Best way to do it, but they're goning to have to work to turn it around. And even if they don't we've still got 1-4, the best tv ever made. Anywhere.


----------



## butchersapron (Feb 12, 2008)

Sharks are massing. Some sort of air borne event is expected.


----------



## poului (Feb 12, 2008)

*rx67gdr6ufyj*

But what about the newsroom sequences? Some of the best depictions of the media industry I've seen.


----------



## Dillinger4 (Feb 12, 2008)

I am just hoping it comes together in the way series 2 did.


----------



## butchersapron (Feb 12, 2008)

poului said:


> But what about the newsroom sequences? Some of the best depictions of the media industry I've seen.



Yeah? full of people running stuff with no checks? and a newsroom boss  going ok i believe you?

And i have no way to judge if they're accurate - the fact they feel exactly the same as any other media based segments...they're almost cliched media scenes


----------



## revol68 (Feb 12, 2008)

I think Butchers has a point, the whole newspaper, police and serial killer overlap is far too neat and McNulty and lesters shennanigans are abit too over the top.

Still even with that it's still great television, just seems they're looking to tie all the plot and story arches into one neat ending, though it might not happen.


----------



## poului (Feb 12, 2008)

butchersapron said:


> Yeah? full of people running stuff with no checks? and a newsroom boss  going ok i believe you?
> 
> And i have no way to judge if they're accurate - the fact they feel exactly the same as any other media based segments...they're almost cliched media scenes




They're not necessarily the most accurate, just the most enlightening. I think it's fantastic that we have in Gus a character in which David Simon can essentially speak his own mind within the show.


----------



## Dillinger4 (Feb 12, 2008)

I reckon the newsroom is the bit that is dragging it down. The characters and situations seem a bit one dimensional.


----------



## poului (Feb 12, 2008)

*46eguft5yu*

Nah, I still think the media is the most suitable thing to focus on in its final installment.


----------



## Dillinger4 (Feb 12, 2008)

I am not saying it is not suitable.

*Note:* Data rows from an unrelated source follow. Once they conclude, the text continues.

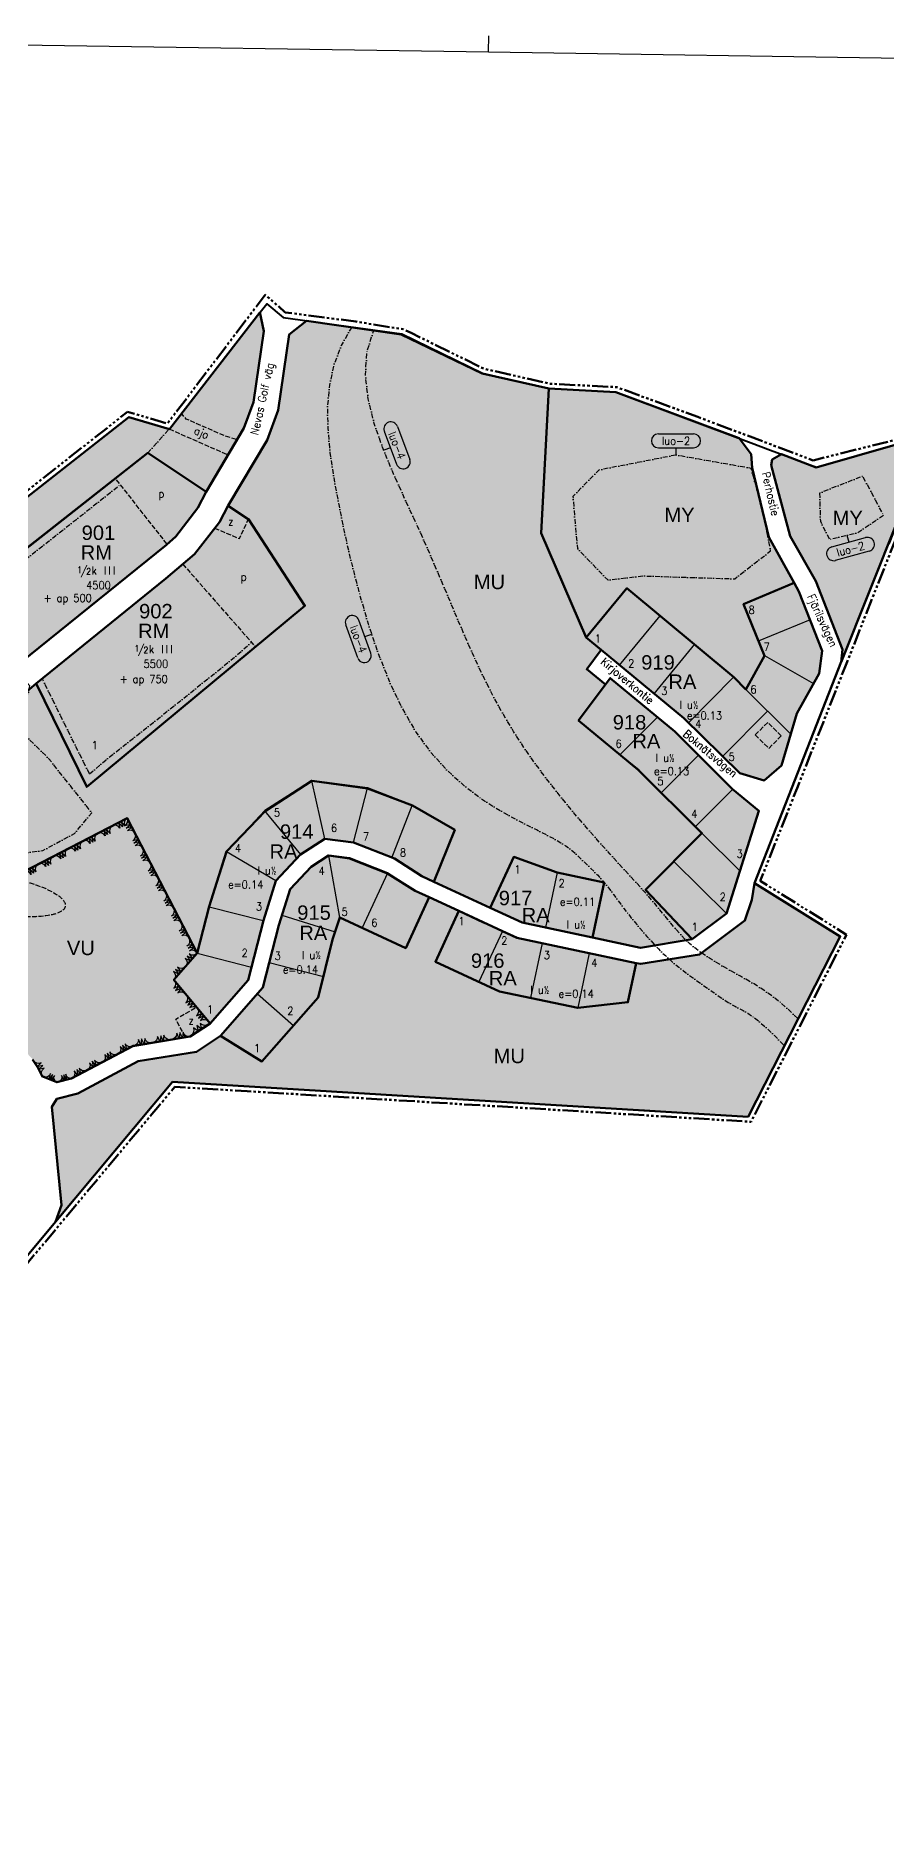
# Model space of a CAD drawing. Header units: metres. Extents: x 25522382 to 25525137, y 6684921 to 6686673.
# Drawn here: x 25523684 to 25524215, y 6685529 to 6686649 of the extents above; entities that cross this region are included whole.
import ezdxf
from ezdxf.enums import TextEntityAlignment as Align

# ---------------------------------------------------------------- set-up
doc = ezdxf.new("R2010")
doc.units = ezdxf.units.M
doc.header["$MEASUREMENT"] = 0
for name, pattern in [('AK_KAAVA-ALUE_3M', [20.5, 10, -1.5, 1.5, -1.5, 1.5, -1.5, 1.5, -1.5]), ('AK_OHJEELLINEN_RAJA', [4, 3, -1]), ('AK_RAKENNUSALA', [5.4, 3, -1, 0.4, -1])]:
    doc.linetypes.add(name, pattern=pattern)
for name, color, linetype, true_color in [('036_VU', 7, 'Continuous', 0x58a618), ('040_RA', 7, 'Continuous', 0xfcd450), ('041_RM', 7, 'Continuous', 0xfcd450), ('079_MU', 7, 'Continuous', 0xa9dc92), ('080_MY', 7, 'Continuous', 0xa9dc92), ('A-VARITYS-ALUE_MU', 7, 'Continuous', 0xa9dc92)]:
    doc.layers.add(name, color=color, linetype=linetype, true_color=true_color)
for name, color, linetype, lineweight in [('084_Kort_raja', 7, 'Continuous', 50), ('AK_KAAVA-ALUE_3M', 1, 'AK_KAAVA-ALUE_3M', 50), ('AK_KORTTELINRAJA', 250, 'Continuous', 40)]:
    doc.layers.add(name, color=color, linetype=linetype, lineweight=lineweight)
for name, color, linetype in [('093_Kort_numero', 7, 'Continuous'), ('AK_KAAVAMERKINTA', 250, 'Continuous'), ('AK_KADUNNIMI', 250, 'Continuous'), ('AK_KERROSLUKU', 250, 'Continuous'), ('AK_OHJEELLINEN_RAJA', 250, 'AK_OHJEELLINEN_RAJA'), ('AK_OSA-ALUEEN_RAJA', 250, 'AK_RAKENNUSALA'), ('AK_PUISTO', 250, 'Continuous'), ('AK_RAAMI', 250, 'Continuous'), ('AK_RAAMI_TAITTOMERKKI', 3, 'Continuous'), ('AK_TEHOKKUUS', 250, 'Continuous'), ('AK_TONTINNUMERO', 250, 'Continuous'), ('AK_TONTINRAJA', 250, 'Continuous'), ('ALUEPLIN_MU', 7, 'Continuous'), ('ALUEPLIN_RA', 7, 'Continuous'), ('täyttöMU', 7, 'Continuous'), ('täyttöR', 7, 'Continuous'), ('täyttöV', 7, 'Continuous')]:
    doc.layers.add(name, color=color, linetype=linetype)
doc.styles.add('a2000', font='arial.ttf')
doc.styles.add('ROMANS', font='ROMANS.shx', dxfattribs={"width": 0.9})

# ---------------------------------------------------------------- blocks, each defined once
blk = doc.blocks.new('RAAMI_5C6B')
at = {"layer": 'AK_RAAMI'}
for p, q in [((592.69, 836.05), (787.66, 833.1)), ((787.66, 833.1), (982.62, 830.15))]:
    blk.add_line(p, q, dxfattribs=at)
at = {"layer": 'AK_RAAMI_TAITTOMERKKI'}
blk.add_line((787.66, 833.1), (787.73, 838.1), dxfattribs=at)
blk = doc.blocks.new('KAAVALUE_luo-1_E926')
for p, q in [((-11, 13.2), (11, 13.2)), ((-11, 4.5), (11, 4.5)), ((0, 4.5), (0, 0))]:
    blk.add_line(p, q)
for centre, start, end in [((-11, 8.9), 90, 270), ((11, 8.9), 270, 90)]:
    blk.add_arc(centre, 4.37, start, end)
at = {"style": 'ROMANS', "width": 0.9}
blk.add_attdef('KAAVA_TUNNUS', text='', height=5, dxfattribs=at).set_placement((0, 8.9), align=Align.MIDDLE)
blk = doc.blocks.new('KAAVALUE_luo-2')
at = {"layer": 'AK_KAAVAMERKINTA'}
for p, q in [((0, 0), (0, -4.5)), ((-11, -4.5), (11, -4.5)), ((-11, -13.2), (11, -13.2))]:
    blk.add_line(p, q, dxfattribs=at)
for centre, start, end in [((-11, -8.9), 90, 270), ((11, -8.9), 270, 90)]:
    blk.add_arc(centre, 4.37, start, end, dxfattribs=at)
at = {"layer": 'AK_KAAVAMERKINTA', "style": 'ROMANS', "width": 0.9}
blk.add_attdef('KAAVA_TUNNUS', text='', height=5, dxfattribs=at).set_placement((0, -8.9), align=Align.MIDDLE)
blk = doc.blocks.new('KAAVALUE_luo-5_A4758')
for p, q in [((0.4, 11.9), (8.1, -8.7)), ((8.6, 14.9), (16.3, -5.7)), ((4.2, 1.6), (0, 0))]:
    blk.add_line(p, q)
for centre, start, end in [((4.5, 13.4), 20.5088, 200.5088), ((12.2, -7.2), 200.5088, 20.5088)]:
    blk.add_arc(centre, 4.37, start, end)
at = {"style": 'ROMANS', "oblique": 0, "width": 0.9}
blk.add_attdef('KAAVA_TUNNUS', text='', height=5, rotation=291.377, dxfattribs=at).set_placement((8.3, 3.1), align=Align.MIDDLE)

I am saying it doesn't seem as three dimensional as other institutions featured in the wire.


----------



## butchersapron (Feb 12, 2008)

poului said:


> They're not necessarily the most accurate, just the most enlightening. I think it's fantastic that we have in Gus a character in which David Simon can essentially speak his own mind within the show.



The whole show is that though surely?


----------



## poului (Feb 12, 2008)

Dillinger4 said:


> I am not saying it is not suitable. I am saying it doesn't seem as three dimensional as other institutions featured in the wire.




That's what they said about the ports and town halls - until they saw the storylines' conclusions.


----------



## Dillinger4 (Feb 12, 2008)

As I said, I am reserving my judgment until it is over.


----------



## butchersapron (Feb 12, 2008)

poului said:


> That's what they said about the ports and town halls - until they saw the storylines' conclusions.




Not true, was clear well before - that where part of the drama cam from. 

Where were the big bang endings rather than simple working outs or left alones? Have we been watching the same series?


----------



## poului (Feb 12, 2008)

butchersapron said:


> The whole show is that though surely?




Not in the direct context of a journalist POV, which is what we finally see here. It gives the whole show greater insight into how personal a statement it is.


----------



## poului (Feb 12, 2008)

*ycgfui7yifkh*

Look we don't know what the ending is going to be like!!! I think we can safely assume it's not what the currently available episodes will lead us to predict.


----------



## butchersapron (Feb 12, 2008)

poului said:


> Not in the direct context of a journalist POV, which is what we finally see here. It gives the whole show greater insight into how personal a statement it is.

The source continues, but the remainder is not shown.